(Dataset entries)
◇ ◇ ◇ ◇ ◇ ◇ ◇
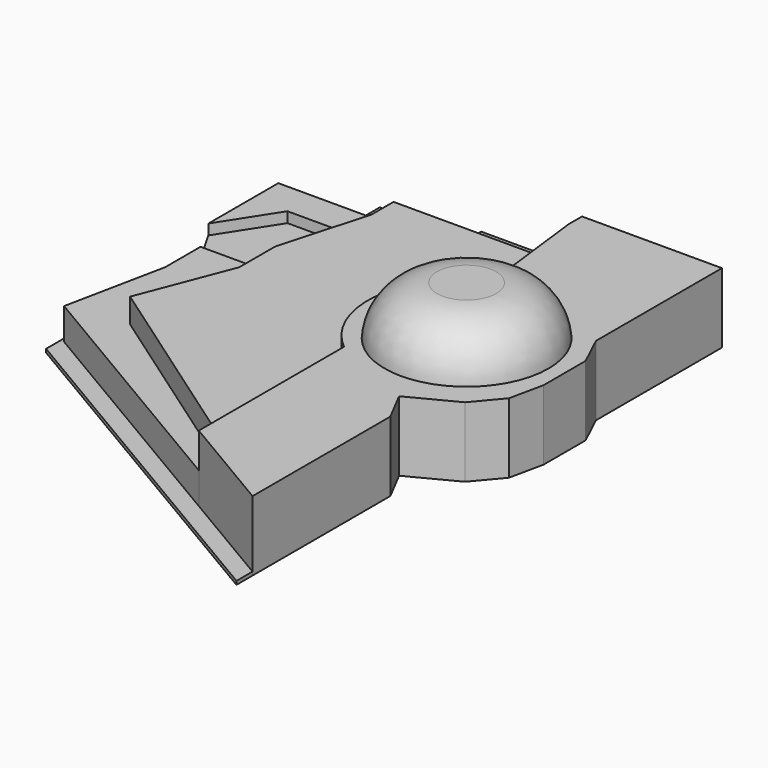
from build123d import *

# Parameters (mm, degrees)
F1_DEPTH = 25.4
F2_DEPTH = 254
F3_DEPTH = 177.8
F4_DEPTH = 431.8
F0_R     = 594.9979970548
F5_DEPTH = 508
F6_DEPTH = 863.6


# Not quite as in the source:
# - a fillet or chamfer that OpenCascade refuses, or shapes differently, is made with other operations: its cross-section is extruded or revolved along the edge and cut away or added


with BuildPart() as f1:
    # F0 (on Top) → F1 (new body)
    with BuildSketch(Plane.XY):
        Polygon((2239.6372437481, -3435.2285861969), (1499.0893602371, -2997.3202280322), (1499.0893602371, -3143.1810455656), (2239.6372437481, -3581.0894037303), align=None)
        Polygon((-357.3869134164, -1899.5296663834), (-208.0992609262, -1169.0624952316), (-383.9827477932, -1233.3211898804), (-383.9827477932, -2029.6635627747), align=None)
        Polygon((1499.0893602371, -2997.3202280322), (-357.3869134164, -1899.5296663834), (-383.9827477932, -2029.6635627747), (1499.0893602371, -3143.1810455656), align=None)
    extrude(amount=F1_DEPTH)

    # F0 (on Top) → F2 (join)
    with BuildSketch(Plane.XY):
        Polygon((333.7312042713, -847.7689027786), (-208.0992609262, -847.7689027786), (-208.0992609262, -1169.0624952316), (-357.3869134164, -1899.5296663834), (1499.0893602371, -2997.3202280322), (1499.0893602371, -2835.1788520813), (75.824059546, -1841.7588472366), (333.7312042713, -1173.1106042862), align=None)
    extrude(amount=F2_DEPTH)


with BuildPart() as f2:
    # F0 (on Top) → F2, piece 2 (new body)
    with BuildSketch(Plane.XY):
        Polygon((283.1003940614, 38.0688405037), (-351.8996059386, 38.0688405037), (-351.8996059386, -596.9311594963), (-96.1140394211, -198.7948268652), (515.2214169502, -198.7948268652), (515.2214169502, 0), (1588.4876312045, 0), (1553.1003940614, 292.0688405037), (918.1003940614, 292.0688405037), (918.1003940614, 165.0688405037), (283.1003940614, 165.0688405037), align=None)
    extrude(amount=F2_DEPTH)


with BuildPart() as f3:
    # F0 (on Top) → F3 (new body)
    with BuildSketch(Plane.XY):
        Polygon((-96.1140394211, -198.7948268652), (-351.8996059386, -596.9311594963), (-208.0992609262, -847.7689027786), (333.7312042713, -847.7689027786), (515.2214169502, -198.7948268652), align=None)
    extrude(amount=F3_DEPTH)


with BuildPart() as f4:
    # F0 (on Top) → F4 (new body)
    with BuildSketch(Plane.XY):
        with BuildLine():
            Line((515.2214169502, -198.7948268652), (333.7312042713, -847.7689027786))
            Line((333.7312042713, -847.7689027786), (333.7312042713, -1173.1106042862))
            Line((333.7312042713, -1173.1106042862), (75.824059546, -1841.7588472366))
            Line((75.824059546, -1841.7588472366), (1499.0893602371, -2835.1788520813))
            Line((1499.0893602371, -2835.1788520813), (1499.0893602371, -1679.3727874756))
            ThreePointArc((1499.0893602371, -1679.3727874756), (1254.6606819019, -1059.0438901467), (1651.9232988358, -523.5667824745))
            Line((1651.9232988358, -523.5667824745), (1588.4876312045, 0))
            Line((1588.4876312045, 0), (515.2214169502, 0))
            Line((515.2214169502, 0), (515.2214169502, -198.7948268652))
        make_face()
    extrude(amount=F4_DEPTH)


with BuildPart() as f5:
    # F0 (on Top) → F5 (new body)
    with BuildSketch(Plane.XY):
        with BuildLine():
            Line((1553.1003940614, 413.4177421996), (1553.1003940614, 292.0688405037))
            Line((1553.1003940614, 292.0688405037), (1588.4876312045, 0))
            Line((1588.4876312045, 0), (1651.9232988358, -523.5667824745))
            ThreePointArc((1651.9232988358, -523.5667824745), (1254.6606819019, -1059.0438901467), (1499.0893602371, -1679.3727874756))
            Line((1499.0893602371, -1679.3727874756), (1499.0893602371, -2835.1788520813))
            Line((1499.0893602371, -2835.1788520813), (1499.0893602371, -2997.3202280322))
            Line((1499.0893602371, -2997.3202280322), (2239.6372437481, -3435.2285861969))
            Line((2239.6372437481, -3435.2285861969), (2239.6372437481, -2184.0894037303))
            Line((2239.6372437481, -2184.0894037303), (2122.4766519932, -1958.7243759651))
            Line((2122.4766519932, -1958.7243759651), (2460.5241936411, -1782.9834883327))
            Line((2460.5241936411, -1782.9834883327), (2624.2396669257, -1588.7845083992))
            Line((2624.2396669257, -1588.7845083992), (2677.2935103517, -1340.3870653815))
            Line((2677.2935103517, -1340.3870653815), (2677.2935103517, -959.3870653815))
            Line((2677.2935103517, -959.3870653815), (2569.1003940614, -729.5822578004))
            Line((2569.1003940614, -729.5822578004), (2569.1003940614, 413.4177421996))
            Line((2569.1003940614, 413.4177421996), (1553.1003940614, 413.4177421996))
        make_face()
        with Locations((1976.6952991486, -1163.5584831238)):
            Circle(F0_R, mode=Mode.SUBTRACT)
    extrude(amount=F5_DEPTH)

    # F0 (on Top) → F6 (join)
    with BuildSketch(Plane.XY):
        with Locations((1976.6952991486, -1163.5584831238)):
            Circle(F0_R)
    extrude(amount=F6_DEPTH)

    # F7: fillet of radius 381 on 1 edges, made by hand

    # F7_s1 → F7_t2 (revolve, cut)
    with BuildSketch(Plane.XZ.offset(1163.5584831238)):
        with BuildLine():
            ThreePointArc((2571.6932962034, 508), (2451.8134551625, 760.8430592126), (2191.5409057072, 863.6))
            Line((2191.5409057072, 863.6), (2571.6932962034, 863.6))
            Line((2571.6932962034, 863.6), (2571.6932962034, 508))
        make_face()
    revolve(axis=Axis((1976.6952991486, -1163.5584831238, 863.6), (0, 0, 1)), mode=Mode.SUBTRACT)


solid = Compound([f1.part, f2.part, f3.part, f4.part, f5.part])
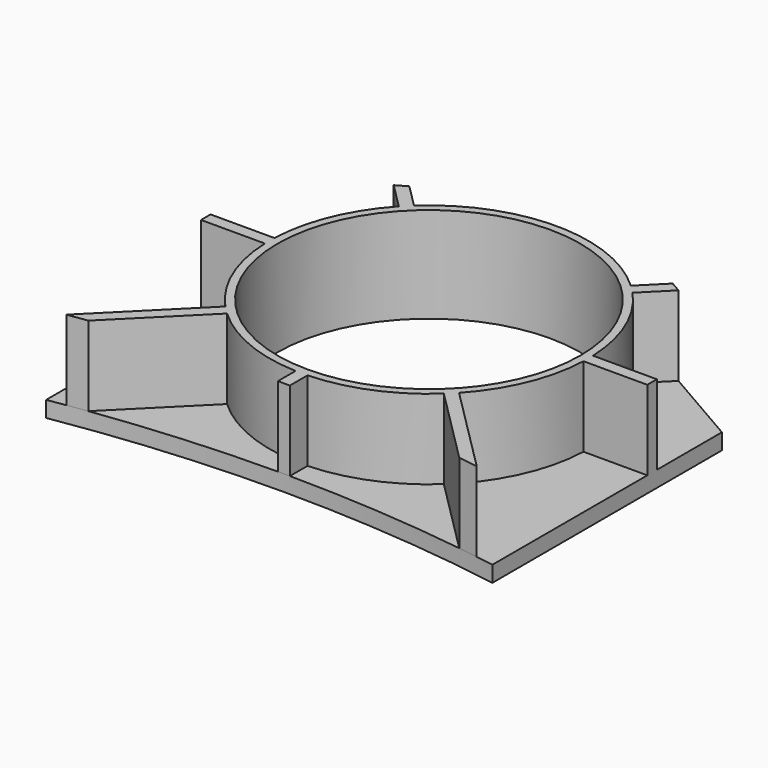
from build123d import *

# Parameters (mm, degrees)
F1_DEPTH = 25.4
F3_DEPTH = 127
F4_R     = 254
F5_DEPTH = 152.4
F6_R     = 241.3
F7_DEPTH = 152.4


with BuildPart() as f1:
    # F0 (on Top) → F1 (new body)
    with BuildSketch(Plane.XY):
        with BuildLine():
            Line((-355.6, 139.1030316258), (-355.6, -318.0850094258))
            ThreePointArc((-355.6, -318.0850094258), (0, -288.925), (355.6, -318.0850094258))
            Line((355.6, -318.0850094258), (355.6, 139.1030316258))
            Line((355.6, 139.1030316258), (101.6, 285.75))
            Line((101.6, 285.75), (-101.6, 285.75))
            Line((-101.6, 285.75), (-355.6, 139.1030316258))
        make_face()
    extrude(amount=F1_DEPTH)

    # F2 (on face) → F3 (join)
    with BuildSketch(Plane.XY.offset(25.4)):
        with BuildLine():
            Line((-209.8065405207, 223.2769247023), (-226.8863032655, 213.4159190839))
            Line((-226.8863032655, 213.4159190839), (-60.1941220043, 46.7237378227))
            ThreePointArc((-60.1941220043, 46.7237378227), (-53.8815367264, 53.8815367264), (-46.7237378227, 60.1941220043))
            Line((-46.7237378227, 60.1941220043), (-209.8065405207, 223.2769247023))
        make_face()
        with BuildLine():
            Line((-60.1941220043, -46.7237378227), (-327.0327279417, -313.5623437601))
            ThreePointArc((-327.0327279417, -313.5623437601), (-311.302932669, -311.2373508984), (-295.5566184449, -309.0270026265))
            Line((-295.5566184449, -309.0270026265), (-46.7237378227, -60.1941220043))
            ThreePointArc((-46.7237378227, -60.1941220043), (-53.8815367264, -53.8815367264), (-60.1941220043, -46.7237378227))
        make_face()
        with BuildLine():
            Line((-75.6023437137, 9.525), (-355.6, 9.525))
            Line((-355.6, 9.525), (-355.6, -9.525))
            Line((-355.6, -9.525), (-75.6023437137, -9.525))
            ThreePointArc((-75.6023437137, -9.525), (-76.2, 0), (-75.6023437137, 9.525))
        make_face()
        with BuildLine():
            Line((226.8863032655, 213.4159190839), (209.8065405207, 223.2769247023))
            Line((209.8065405207, 223.2769247023), (46.7237378227, 60.1941220043))
            ThreePointArc((46.7237378227, 60.1941220043), (53.8815367264, 53.8815367264), (60.1941220043, 46.7237378227))
            Line((60.1941220043, 46.7237378227), (226.8863032655, 213.4159190839))
        make_face()
        with BuildLine():
            Line((355.6, -9.525), (355.6, 9.525))
            Line((355.6, 9.525), (75.6023437137, 9.525))
            ThreePointArc((75.6023437137, 9.525), (76.2, 0), (75.6023437137, -9.525))
            Line((75.6023437137, -9.525), (355.6, -9.525))
        make_face()
        with BuildLine():
            Line((46.7237378227, -60.1941220043), (295.5566184449, -309.0270026265))
            ThreePointArc((295.5566184449, -309.0270026265), (311.302932669, -311.2373508984), (327.0327279417, -313.5623437601))
            Line((327.0327279417, -313.5623437601), (60.1941220043, -46.7237378227))
            ThreePointArc((60.1941220043, -46.7237378227), (53.8815367264, -53.8815367264), (46.7237378227, -60.1941220043))
        make_face()
        with BuildLine():
            Line((-9.525, -75.6023437137), (-9.525, -288.9457819171))
            Line((-9.525, -288.9457819171), (9.525, -288.9457819171))
            Line((9.525, -288.9457819171), (9.525, -75.6023437137))
            ThreePointArc((9.525, -75.6023437137), (0, -76.2), (-9.525, -75.6023437137))
        make_face()
    extrude(amount=F3_DEPTH)

    # F4 (on face) → F5 (join, through all)
    with BuildSketch(Plane(origin=(0, 0, 0), x_dir=(1, 0, 0), z_dir=(0, 0, -1))):
        Circle(F4_R)
    extrude(amount=-F5_DEPTH)

    # F6 (on face) → F7 (cut, through all)
    with BuildSketch(Plane(origin=(0, 0, 0), x_dir=(1, 0, 0), z_dir=(0, 0, -1))):
        Circle(F6_R)
    extrude(amount=-F7_DEPTH, mode=Mode.SUBTRACT)


solid = f1.part
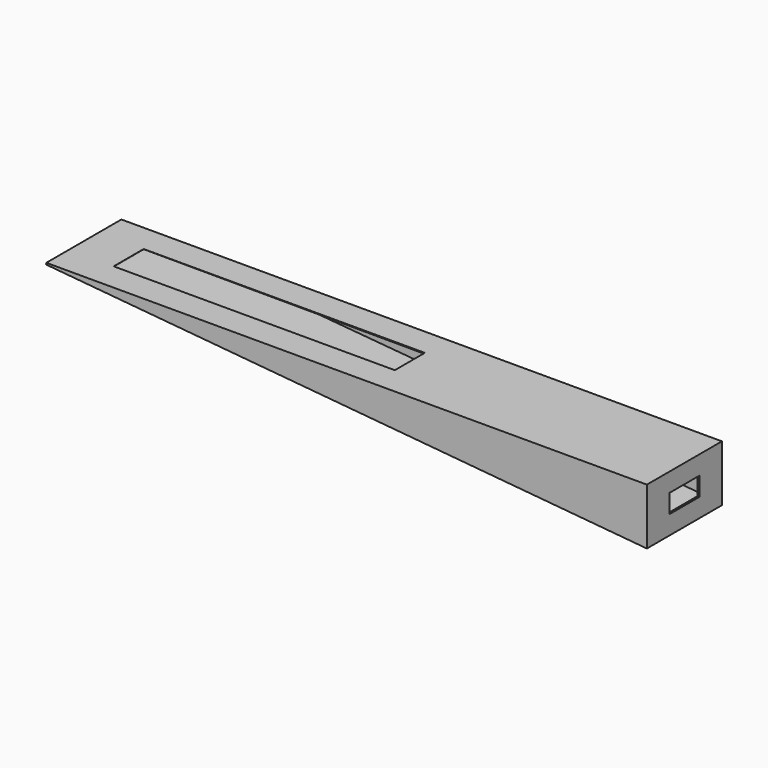
from build123d import *

# Parameters (mm, degrees)
F1_DEPTH = 25
F2_DEPTH = 24.5
F3_W     = 20
F3_H     = 10
F4_DEPTH = 1.061394367
F5_W     = 149.8626496709
F5_H     = 20
F6_DEPTH = 0.5426750459


# Not quite as in the source:
# - a feature names something its author has since deleted; it is built from what else it names


with BuildPart() as f1:
    # F0 (on Front) → F1 (new body, symmetric)
    with BuildSketch(Plane.XZ):
        Polygon((250.3392749669, 0), (-69.6607250331, 0), (-69.7979346905, 0), (-69.9352178344, -0.8798027663), (-69.8012695535, -0.9007038612), (250.3392749669, -30), align=None)
        Polygon((-69.7894617915, -0.8250317769), (-69.6638822556, -0.0320404142), (249.3347435311, -0.9683876885), (249.2535173062, -28.6408707924), align=None, mode=Mode.SUBTRACT)
        Polygon((249.3347435311, -0.9683876885), (-69.6638822556, -0.0320404142), (-69.7894617915, -0.8250317769), (249.2535173062, -28.6408707924), align=None)
    extrude(amount=F1_DEPTH, both=True)

    # F0 (on Front) → F2 (cut, symmetric)
    with BuildSketch(Plane.XZ):
        Polygon((249.3347435311, -0.9683876885), (-69.6638822556, -0.0320404142), (-69.7894617915, -0.8250317769), (249.2535173062, -28.6408707924), align=None)
    extrude(amount=F2_DEPTH, both=True, mode=Mode.SUBTRACT)

    # F3 (on face) → F4 (cut, through all)
    with BuildSketch(Plane.YZ.offset(250.3392749669)):
        with Locations((0, -15)):
            Rectangle(F3_W, F3_H)
    extrude(amount=-F4_DEPTH, mode=Mode.SUBTRACT)

    # F5 (on face) → F6 (cut, through all)
    with BuildSketch(Plane.XY):
        with Locations((29.0292073041, 0)):
            Rectangle(F5_W, F5_H)
    extrude(amount=-F6_DEPTH, mode=Mode.SUBTRACT)


solid = f1.part
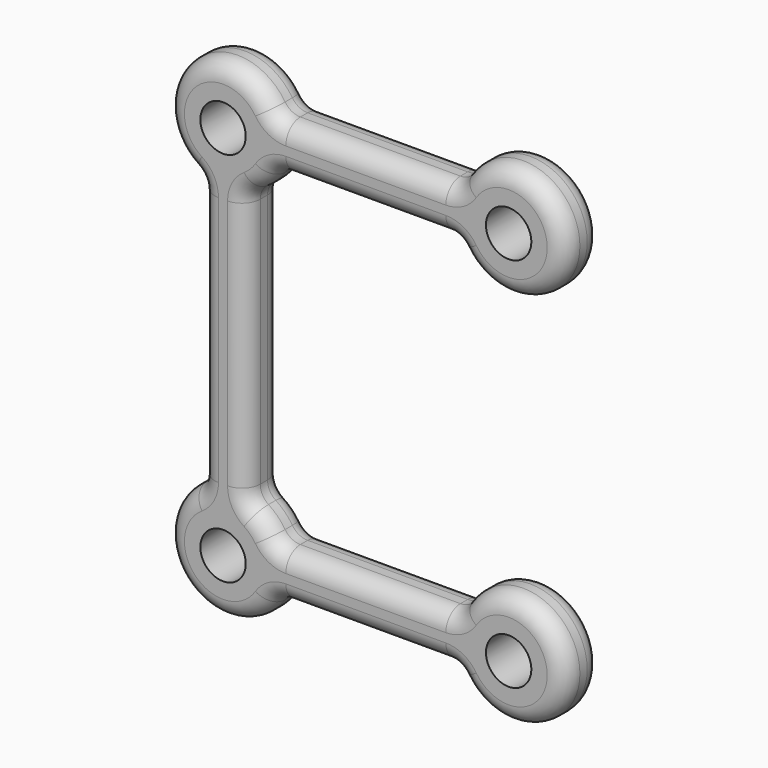
from build123d import *

# Parameters (mm, degrees)
F1_DEPTH = 6.35
F2_DEPTH = 6.35
F3_R     = 5.08
F4_R     = 6.35
F5_DEPTH = 12.701


with BuildPart() as f1:
    # F0 (on Front) → F1 (new body, symmetric)
    with BuildSketch(Plane.XZ):
        with BuildLine():
            ThreePointArc((-21.7996303504, 64.6400047008), (-20.8091704641, 67.7465891072), (-20.4743081819, 70.9900047008))
            ThreePointArc((-20.4743081819, 70.9900047008), (-20.8091704641, 74.2334202943), (-21.7996303504, 77.3400047008))
            ThreePointArc((-21.7996303504, 77.3400047008), (-47.5746283332, 82.2153248521), (-42.6993081819, 56.4403268693))
            ThreePointArc((-42.6993081819, 56.4403268693), (-36.3493081819, 55.1150047008), (-29.9993081819, 56.4403268693))
            ThreePointArc((-29.9993081819, 56.4403268693), (-25.1239880306, 59.7646845494), (-21.7996303504, 64.6400047008))
        make_face()
        with BuildLine():
            ThreePointArc((-21.7996303504, 77.3400047008), (-20.8091704641, 74.2334202943), (-20.4743081819, 70.9900047008))
            ThreePointArc((-20.4743081819, 70.9900047008), (-20.8091704641, 67.7465891072), (-21.7996303504, 64.6400047008))
            Line((-21.7996303504, 64.6400047008), (29.0003696496, 64.6400047008))
            ThreePointArc((29.0003696496, 64.6400047008), (27.6750474811, 70.9900047008), (29.0003696496, 77.3400047008))
            Line((29.0003696496, 77.3400047008), (-21.7996303504, 77.3400047008))
        make_face()
        with BuildLine():
            ThreePointArc((29.0003696496, -27.9593509622), (27.6750474811, -34.3093509622), (29.0003696496, -40.6593509622))
            ThreePointArc((29.0003696496, -40.6593509622), (46.7934630746, -49.84948868), (59.4250474811, -34.3093509622))
            ThreePointArc((59.4250474811, -34.3093509622), (46.7934630746, -18.7692132444), (29.0003696496, -27.9593509622))
        make_face()
        with BuildLine():
            ThreePointArc((-20.4743081819, -34.3093509622), (-20.8091704641, -37.5527665558), (-21.7996303504, -40.6593509622))
            Line((-21.7996303504, -40.6593509622), (29.0003696496, -40.6593509622))
            ThreePointArc((29.0003696496, -40.6593509622), (27.6750474811, -34.3093509622), (29.0003696496, -27.9593509622))
            Line((29.0003696496, -27.9593509622), (-21.7996303504, -27.9593509622))
            ThreePointArc((-21.7996303504, -27.9593509622), (-20.8091704641, -31.0659353686), (-20.4743081819, -34.3093509622))
        make_face()
        with BuildLine():
            ThreePointArc((-29.9993081819, -19.7596731307), (-36.3493081819, -18.4343509622), (-42.6993081819, -19.7596731307))
            ThreePointArc((-42.6993081819, -19.7596731307), (-47.5746283332, -45.5346711135), (-21.7996303504, -40.6593509622))
            ThreePointArc((-21.7996303504, -40.6593509622), (-20.8091704641, -37.5527665558), (-20.4743081819, -34.3093509622))
            ThreePointArc((-20.4743081819, -34.3093509622), (-20.8091704641, -31.0659353686), (-21.7996303504, -27.9593509622))
            ThreePointArc((-21.7996303504, -27.9593509622), (-25.1239880306, -23.0840308109), (-29.9993081819, -19.7596731307))
        make_face()
        with BuildLine():
            ThreePointArc((-29.9993081819, 56.4403268693), (-36.3493081819, 55.1150047008), (-42.6993081819, 56.4403268693))
            Line((-42.6993081819, 56.4403268693), (-42.6993081819, -19.7596731307))
            ThreePointArc((-42.6993081819, -19.7596731307), (-36.3493081819, -18.4343509622), (-29.9993081819, -19.7596731307))
            Line((-29.9993081819, -19.7596731307), (-29.9993081819, 56.4403268693))
        make_face()
    extrude(amount=F1_DEPTH, both=True)

    # F0 (on Front) → F2 (join, symmetric)
    with BuildSketch(Plane.XZ):
        with BuildLine():
            ThreePointArc((59.4250474811, 70.9900047008), (46.7934630746, 86.5301424186), (29.0003696496, 77.3400047008))
            ThreePointArc((29.0003696496, 77.3400047008), (27.6750474811, 70.9900047008), (29.0003696496, 64.6400047008))
            ThreePointArc((29.0003696496, 64.6400047008), (46.7934630746, 55.449866983), (59.4250474811, 70.9900047008))
        make_face()
    extrude(amount=F2_DEPTH, both=True)

    # F3
    f3_edges = [f1.edges().sort_by_distance(p)[0] for p in [
        (29.00037, 0, 77.340005),
        (3.60037, 6.35, 77.340005),
        (-21.79963, 0, 77.340005),
        (3.60037, -6.35, 77.340005),
        (-47.574628, 6.35, 82.215325),
        (-42.699308, 0, 56.440327),
        (-47.574628, -6.35, 82.215325),
        (29.00037, 0, 64.640005),
        (59.425047, 6.35, 70.990005),
        (59.425047, -6.35, 70.990005),
        (-25.123988, -6.35, 59.764685),
        (-25.123988, 6.35, 59.764685),
        (-21.79963, 0, 64.640005),
        (-29.999308, 0, 56.440327),
        (3.60037, -6.35, 64.640005),
        (-42.699308, -6.35, 18.340327),
        (-47.574628, -6.35, -45.534671),
        (3.60037, -6.35, -40.659351),
        (59.425047, -6.35, -34.309351),
        (3.60037, -6.35, -27.959351),
        (-25.123988, -6.35, -23.084031),
        (-29.999308, -6.35, 18.340327),
        (3.60037, 6.35, 64.640005),
        (-42.699308, 6.35, 18.340327),
        (-47.574628, 6.35, -45.534671),
        (3.60037, 6.35, -40.659351),
        (59.425047, 6.35, -34.309351),
        (3.60037, 6.35, -27.959351),
        (-25.123988, 6.35, -23.084031),
        (-29.999308, 6.35, 18.340327),
        (29.00037, 0, -40.659351),
        (29.00037, 0, -27.959351),
        (-21.79963, 0, -27.959351),
        (-29.999308, 0, -19.759673),
        (-42.699308, 0, -19.759673),
        (-21.79963, 0, -40.659351),
    ]]
    fillet(f3_edges, radius=F3_R)

    # F4 (on face) → F5 (cut, through all)
    with BuildSketch(Plane.XZ.offset(6.35)):
        with Locations((-36.3493081819, 70.9900047008)):
            Circle(F4_R)
        with Locations((43.5500474811, 70.9900047008)):
            Circle(F4_R)
        with Locations((-36.3493081819, -34.3093509622)):
            Circle(F4_R)
        with Locations((43.5500474811, -34.3093509622)):
            Circle(F4_R)
    extrude(amount=-F5_DEPTH, mode=Mode.SUBTRACT)


with BuildPart() as f1_1:
    # F6: moved
    add(f1.part.moved(Location((0, -25.4, 0))))


solid = f1_1.part
◇ ◇ ◇ ◇ ◇ ◇ ◇
## Task description
Report all lines above with "SUBTRACT".

## Task answer
            Circle(F0_R, mode=Mode.SUBTRACT)
    revolve(axis=Axis((1976.6952991486, -1163.5584831238, 863.6), (0, 0, 1)), mode=Mode.SUBTRACT)
    extrude(amount=-F7_DEPTH, mode=Mode.SUBTRACT)
        Polygon((-69.7894617915, -0.8250317769), (-69.6638822556, -0.0320404142), (249.3347435311, -0.9683876885), (249.2535173062, -28.6408707924), align=None, mode=Mode.SUBTRACT)
    extrude(amount=F2_DEPTH, both=True, mode=Mode.SUBTRACT)
    extrude(amount=-F4_DEPTH, mode=Mode.SUBTRACT)
    extrude(amount=-F6_DEPTH, mode=Mode.SUBTRACT)
    extrude(amount=-F5_DEPTH, mode=Mode.SUBTRACT)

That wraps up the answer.